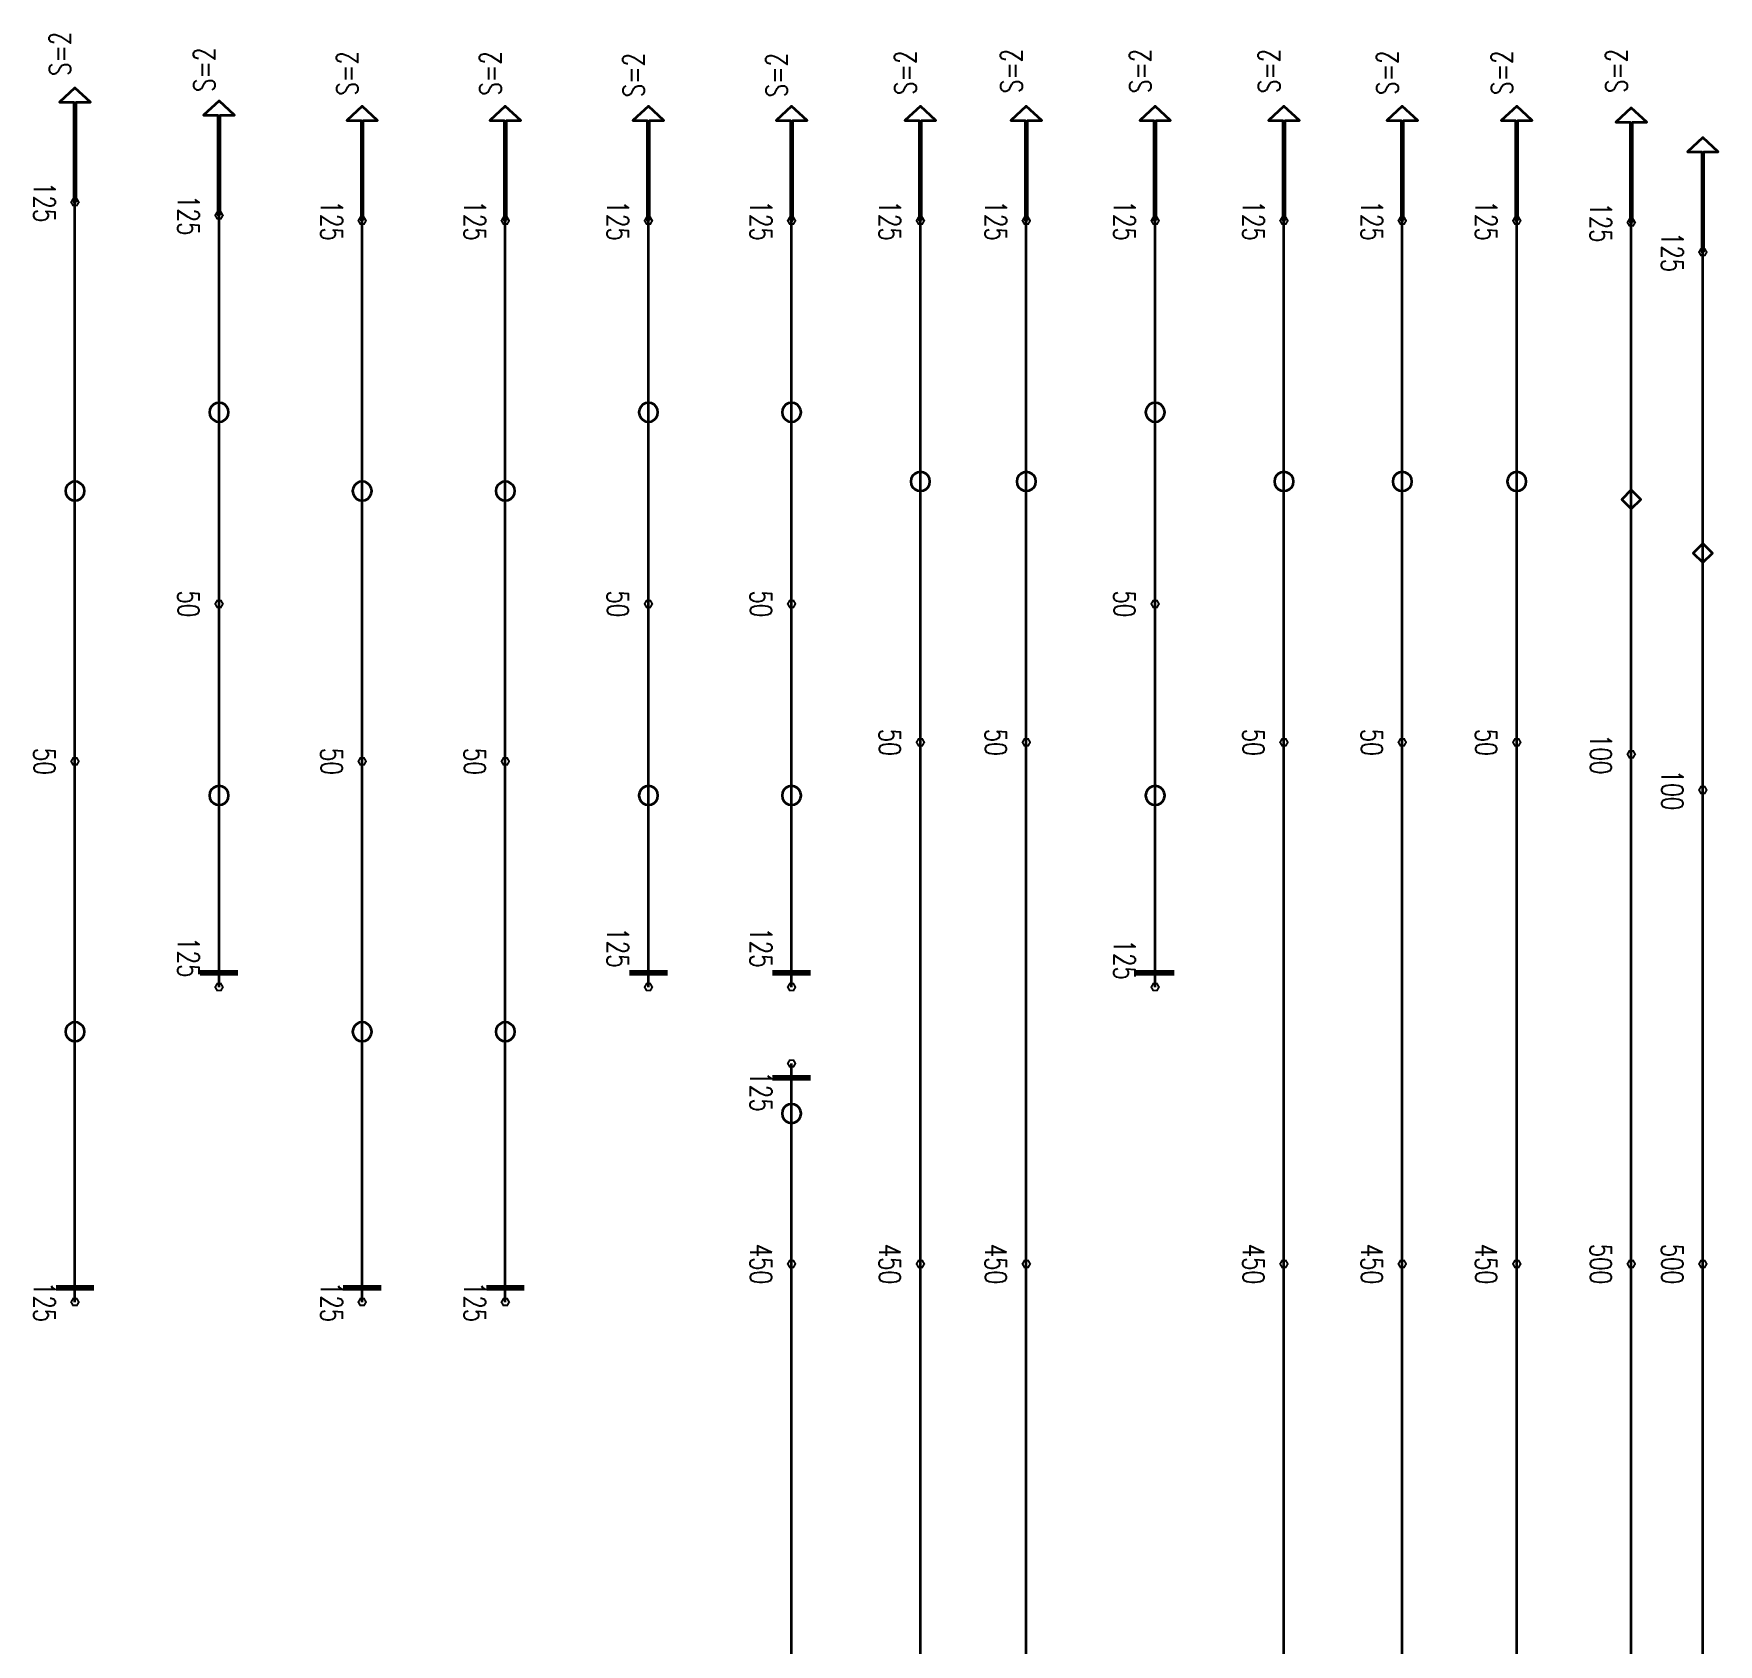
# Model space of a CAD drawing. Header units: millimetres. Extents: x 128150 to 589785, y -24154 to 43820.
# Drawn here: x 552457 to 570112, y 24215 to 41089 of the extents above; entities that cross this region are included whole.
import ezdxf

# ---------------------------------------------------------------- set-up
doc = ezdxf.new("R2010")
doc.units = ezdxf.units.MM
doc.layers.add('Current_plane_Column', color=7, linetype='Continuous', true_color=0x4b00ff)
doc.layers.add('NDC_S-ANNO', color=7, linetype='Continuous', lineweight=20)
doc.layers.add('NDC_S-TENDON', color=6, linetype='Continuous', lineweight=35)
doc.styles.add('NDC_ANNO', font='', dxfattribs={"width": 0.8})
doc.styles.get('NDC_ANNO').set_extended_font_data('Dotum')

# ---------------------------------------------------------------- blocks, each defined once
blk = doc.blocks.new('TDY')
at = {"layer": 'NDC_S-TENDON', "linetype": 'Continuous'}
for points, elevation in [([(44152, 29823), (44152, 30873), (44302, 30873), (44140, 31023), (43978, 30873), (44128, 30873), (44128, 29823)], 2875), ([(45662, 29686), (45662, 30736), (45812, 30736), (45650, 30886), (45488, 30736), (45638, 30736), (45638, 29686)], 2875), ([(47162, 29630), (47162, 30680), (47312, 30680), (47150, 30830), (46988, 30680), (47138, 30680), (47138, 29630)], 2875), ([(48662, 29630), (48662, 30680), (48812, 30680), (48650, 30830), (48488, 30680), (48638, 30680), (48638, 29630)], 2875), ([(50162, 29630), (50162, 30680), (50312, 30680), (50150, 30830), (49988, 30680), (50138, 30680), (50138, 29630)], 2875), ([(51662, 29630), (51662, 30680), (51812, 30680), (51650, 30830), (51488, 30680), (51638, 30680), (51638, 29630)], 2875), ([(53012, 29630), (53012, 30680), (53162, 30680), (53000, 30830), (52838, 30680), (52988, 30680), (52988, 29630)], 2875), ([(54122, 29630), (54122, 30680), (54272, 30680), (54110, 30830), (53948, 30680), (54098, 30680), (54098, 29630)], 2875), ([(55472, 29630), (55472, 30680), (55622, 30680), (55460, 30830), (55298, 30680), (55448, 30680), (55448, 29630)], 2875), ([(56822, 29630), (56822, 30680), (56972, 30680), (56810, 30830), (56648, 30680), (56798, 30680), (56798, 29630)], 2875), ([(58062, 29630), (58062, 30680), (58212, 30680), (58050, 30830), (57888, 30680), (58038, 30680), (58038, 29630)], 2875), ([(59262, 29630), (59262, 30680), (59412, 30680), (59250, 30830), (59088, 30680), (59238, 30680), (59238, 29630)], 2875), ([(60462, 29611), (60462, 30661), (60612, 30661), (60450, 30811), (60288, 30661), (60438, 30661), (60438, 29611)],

About this task:
Only the lines above from the one with "import ezdxf" up to and including the one with "color=7, linetype='Continuous', true_color=0x4b00ff)" should be repeated, exactly as written.

Answer for the task:
import ezdxf

# ---------------------------------------------------------------- set-up
doc = ezdxf.new("R2010")
doc.units = ezdxf.units.MM
doc.layers.add('Current_plane_Column', color=7, linetype='Continuous', true_color=0x4b00ff)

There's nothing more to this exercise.